= Smithton Company =

The Smithton Land Company was a group of American pioneers who in 1818 established the frontier village of Smithton, Missouri in the Boonslick region of Missouri, then the Missouri Territory. In 1821 the settlement was renamed Columbia, Missouri and relocated slightly East of its original location. Smithton was the first county seat of Boone County. The company and town were named after Thomas Adams Smith, the receiver of the land office in Franklin, Missouri.

Smithton’s origin begins with the settlement of American pioneers from Kentucky and Virginia in an early 1800s region known as the Boonslick.
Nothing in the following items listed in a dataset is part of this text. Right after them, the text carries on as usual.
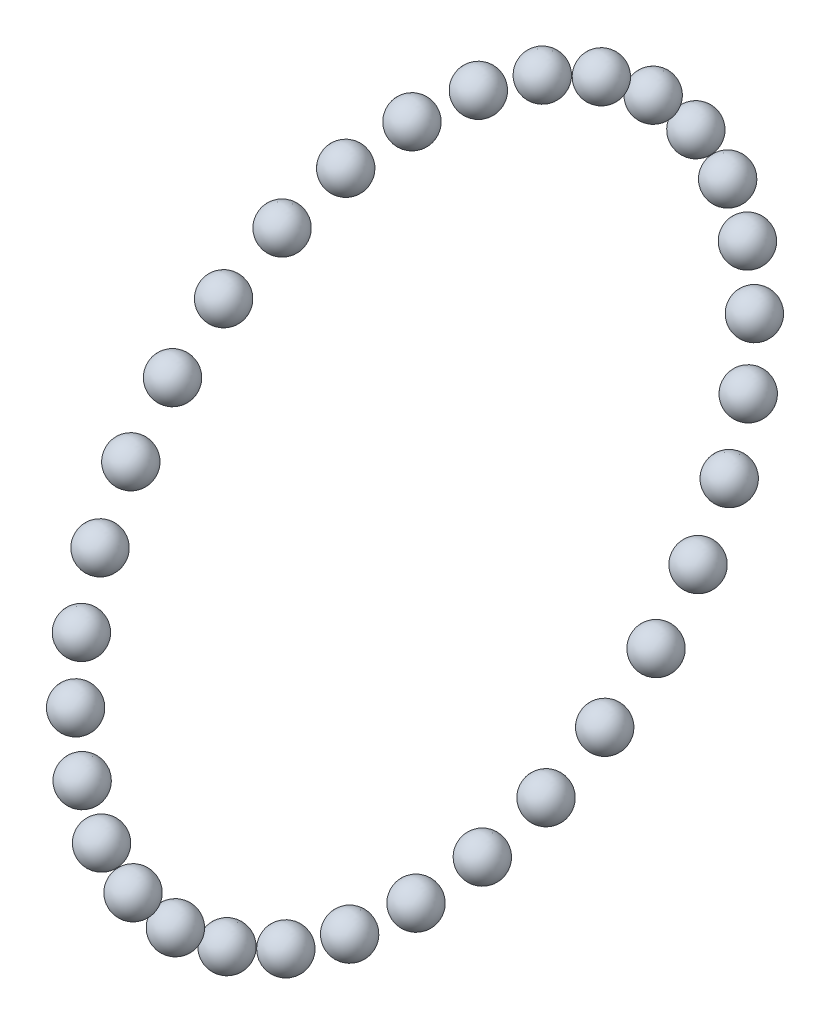
from build123d import *
from build123d.topology import SkipClean


with BuildPart() as part:
    # Sketch1 → Revolve1 (revolve)
    with SkipClean():  # the faces are left unmerged after this step: merging them gives an invalid solid
        with BuildSketch(Plane.XY):
            with BuildLine():
                ThreePointArc((6.5, 0), (0, 6.5), (-6.5, 0))
                Line((-6.5, 0), (6.5, 0))
            make_face()
            with BuildLine():
                Line((6.5, 0), (-6.5, 0))
                ThreePointArc((-6.5, 0), (0, -6.5), (6.5, 0))
            make_face()
        revolve(axis=Axis((-6.5, 0, 0), (1, 0, 0)))
    add(part.part.scale(1), mode=Mode.REPLACE)  # the faces are merged on a copy


with BuildPart() as body_2:
    # CrvPattern1: read off the stored shape, not the designer's step
    # CrvPattern1: copy of part
    add(part.part.moved(Location((0, 19.6178931, -1.8181137))))


with BuildPart() as body_3:
    # CrvPattern1 2: copy of part
    add(part.part.moved(Location((0, 39.7489717, -7.6763822))))


with BuildPart() as body_4:
    # CrvPattern1 3: copy of part
    add(part.part.moved(Location((0, 58.3467483, -17.3563791))))


with BuildPart() as body_5:
    # CrvPattern1 4: copy of part
    add(part.part.moved(Location((0, 74.6938205, -30.484702))))


with BuildPart() as body_6:
    # CrvPattern1 5: copy of part
    add(part.part.moved(Location((0, 88.1596061, -46.5549309))))


with BuildPart() as body_7:
    # CrvPattern1 6: copy of part
    add(part.part.moved(Location((0, 98.2246673, -64.9471623))))


with BuildPart() as body_8:
    # CrvPattern1 7: copy of part
    add(part.part.moved(Location((0, 104.500748, -84.9519229))))


with BuildPart() as body_9:
    # CrvPattern1 8: copy of part
    add(part.part.moved(Location((0, 106.7457508, -105.7975363))))


with BuildPart() as body_10:
    # CrvPattern1 9: copy of part
    add(part.part.moved(Location((0, 104.8730755, -126.6798906))))


with BuildPart() as body_11:
    # CrvPattern1 10: copy of part
    add(part.part.moved(Location((0, 98.9549598, -146.7934567))))


with BuildPart() as body_12:
    # CrvPattern1 11: copy of part
    add(part.part.moved(Location((0, 89.219693, -165.3623612))))


with BuildPart() as body_13:
    # CrvPattern1 12: copy of part
    add(part.part.moved(Location((0, 76.0428092, -181.6703154))))


with BuildPart() as body_14:
    # CrvPattern1 13: copy of part
    add(part.part.moved(Location((0, 59.9326021, -195.088246))))


with BuildPart() as body_15:
    # CrvPattern1 14: copy of part
    add(part.part.moved(Location((0, 41.5105168, -205.0985612))))


with BuildPart() as body_16:
    # CrvPattern1 15: copy of part
    add(part.part.moved(Location((0, 21.4871787, -211.3151168))))


with BuildPart() as body_17:
    # CrvPattern1 16: copy of part
    add(part.part.moved(Location((0, 0.6349805, -213.4981115))))


with BuildPart() as body_18:
    # CrvPattern1 17: copy of part
    add(part.part.moved(Location((0, -20.2417118, -211.5633369))))


with BuildPart() as body_19:
    # CrvPattern1 18: copy of part
    add(part.part.moved(Location((0, -40.3375876, -205.5854265))))


with BuildPart() as body_20:
    # CrvPattern1 19: copy of part
    add(part.part.moved(Location((0, -58.8774557, -195.7949758))))


with BuildPart() as body_21:
    # CrvPattern1 20: copy of part
    add(part.part.moved(Location((0, -75.1461476, -182.5696479))))


with BuildPart() as body_22:
    # CrvPattern1 21: copy of part
    add(part.part.moved(Location((0, -88.5161045, -166.4196049))))


with BuildPart() as body_23:
    # CrvPattern1 22: copy of part
    add(part.part.moved(Location((0, -98.4715852, -147.9678288))))


with BuildPart() as body_24:
    # CrvPattern1 23: copy of part
    add(part.part.moved(Location((0, -104.6285607, -127.9260902))))


with BuildPart() as body_25:
    # CrvPattern1 24: copy of part
    add(part.part.moved(Location((0, -106.7495279, -107.0674916))))


with BuildPart() as body_26:
    # CrvPattern1 25: copy of part
    add(part.part.moved(Location((0, -104.7526713, -86.196646))))


with BuildPart() as body_27:
    # CrvPattern1 26: copy of part
    add(part.part.moved(Location((0, -98.7150189, -66.1186384))))


with BuildPart() as body_28:
    # CrvPattern1 27: copy of part
    add(part.part.moved(Location((0, -88.8694709, -47.6079706))))


with BuildPart() as body_29:
    # CrvPattern1 28: copy of part
    add(part.part.moved(Location((0, -75.5958158, -31.3786849))))


with BuildPart() as body_30:
    # CrvPattern1 29: copy of part
    add(part.part.moved(Location((0, -59.4060799, -18.05682))))


with BuildPart() as body_31:
    # CrvPattern1 30: copy of part
    add(part.part.moved(Location((0, -40.9247762, -8.1562619))))


with BuildPart() as body_32:
    # CrvPattern1 31: copy of part
    add(part.part.moved(Location((0, -20.8648144, -2.058921))))


solid = Compound([part.part, body_2.part, body_3.part, body_4.part, body_5.part, body_6.part, body_7.part, body_8.part, body_9.part, body_10.part, body_11.part, body_12.part, body_13.part, body_14.part, body_15.part, body_16.part, body_17.part, body_18.part, body_19.part, body_20.part, body_21.part, body_22.part, body_23.part, body_24.part, body_25.part, body_26.part, body_27.part, body_28.part, body_29.part, body_30.part, body_31.part, body_32.part])
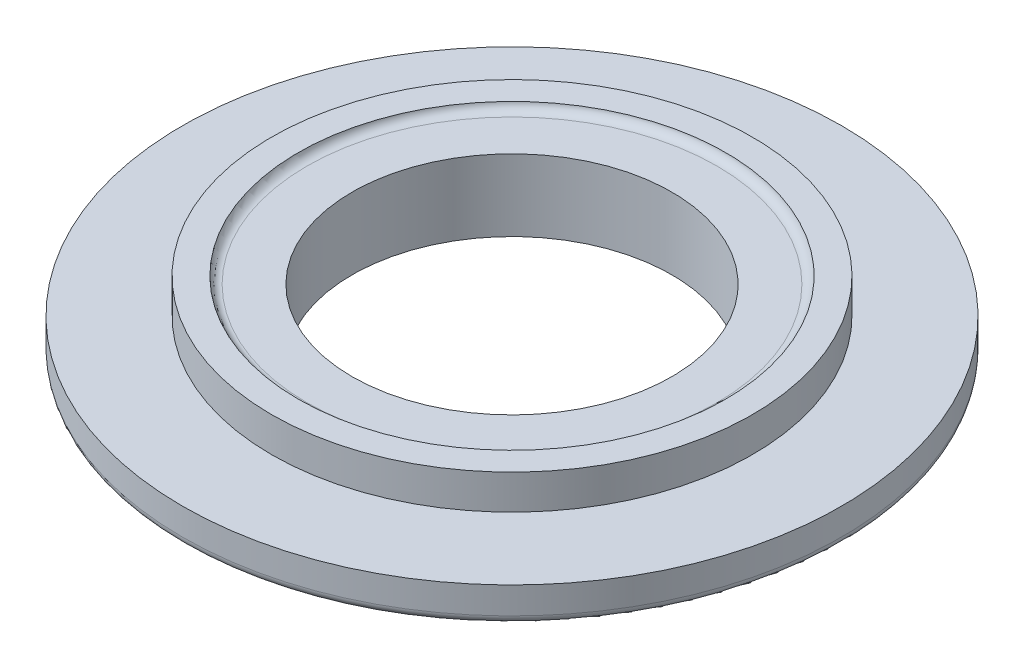
from build123d import *

# Parameters (mm, degrees)
FILLET3_R = 1.7
FILLET4_R = 1.7


with BuildPart() as part:
    # Sketch1 → Revolve2 (revolve)
    with BuildSketch(Plane.XY, mode=Mode.PRIVATE) as revolve2_sk:
        Polygon((-3.114208506, -0.827200396), (7.306092253, -0.827200396), (7.306092253, -14.720657828), (3.953440281, -14.720657828), (3.953440281, -6.120657828), (-1.56177698, -6.120657828), (-1.56177698, -13.020657828), (-25.583612163, -13.020657828), (-25.583612163, -6.120657828), (-8.302598077, -6.120657828), (-8.302598077, 0.602670746), (-3.114208506, 0.602670746), align=None)
    revolve(revolve2_sk.sketch.rotate(Axis((38.306092253, 0.602670746, 0), (0, -1, 0)), 270), axis=Axis((38.306092253, 0.602670746, 0), (0, -1, 0)))

    # Fillet3
    # the kernel refuses this fillet: 1.7 mm, written as the material it adds along each edge
    with BuildSketch(Plane(origin=(38.306092253, -0.827200396, 0), x_dir=(0, 0, 1), z_dir=(1, 0, 0))) as fillet3_piece_1:
        with BuildLine():
            CenterArc((39.741899614, -1.7), FILLET3_R, 9.143015085, 80.856984915)
            Line((41.420300758, -1.429871142), (41.453868781, -1.424468565))
            ThreePointArc((41.453868781, -1.424468565), (41.454300758, -0.714935571), (41.454300758, 0))
            Line((41.454300758, 0), (41.420300758, 0.034))
            Line((41.420300758, 0.034), (39.741899614, 0.034))
            Line((39.741899614, 0.034), (39.741899614, 0))
        make_face()
    revolve(axis=Axis((38.306092253, -0.827200396, 0), (0, -1, 0)))

    # Fillet4
    fillet4_edges = [part.edges().sort_by_distance(p)[0] for p in [
        (38.306092253, -13.020657828, -63.889704416),
    ]]
    fillet(fillet4_edges, radius=FILLET4_R)


solid = part.part

Before 1815 settlement in the region was confined to small log forts because of the threat of Native American attack during the War of 1812. When the war ended settlers came on foot, horseback, and wagon, often moving entire households along the Boone's Lick Road and often bringing enslaved African Americans. By 1818 it was clear that the increased population would necessitate a new county be created from territorial Howard County. The Mouniteau Creek on the west and Cedar Creek on the east were obvious natural boundaries.

Believing it was only a matter of time before a county seat was chosen, the Smithton Land Company was formed to purchase over 2000 acre to established the village of Smithton near the present-day intersection of Walnut and Garth. In 1819 Smithton was a small cluster of log cabins in an ancient forest of oak and hickory; chief among them was the cabin of Richard Gentry, a trustee of the Smithton Company who would become first mayor of Columbia. In 1820 Boone County was formed and named after the recently deceased explorer Daniel Boone. The Missouri Legislature appointed John Gray, Jefferson Fulcher, Absalom Hicks, Lawrence Bass, and David Jackson as commissioners to select and establish a permanent county seat. Smithton never had more than twenty people, and it was quickly realized that well digging was difficult because of the bedrock. Springs were discovered across the Flat Branch Creek, so in the Spring of 1821 Columbia was laid off and the inhabitants of Smithton moved their cabins to the new town. The first house in Columbia was built by Thomas Duly in 1820 at what would become Fifth and Broadway. They renamed the settlement Columbia—a historical name for the United States. Columbia's permanence was ensured when it was chosen as county seat in 1821 and the Boone's Lick Road was rerouted down Broadway.

==Smithton Company members==

- Lilburn Boggs, sixth Governor of Missouri
- Richard Gentry, politician and military officer
- William Jewell, politician, physician, educator, minister

==Later commemoration==
A mural in the Missouri State Capitol commemorates the first Circuit Court of Boone County in Smithton. There are also murals in the Boone County Courthose and
Columbia Municipal Building. A historical marker at the site of Smithton was announced in 2018. There is a maker placed by the Daughters of the American Revolution commemorating Smithtons place on the Boone's Lick Road.

Smithton Middle School in Columbia is named after the village.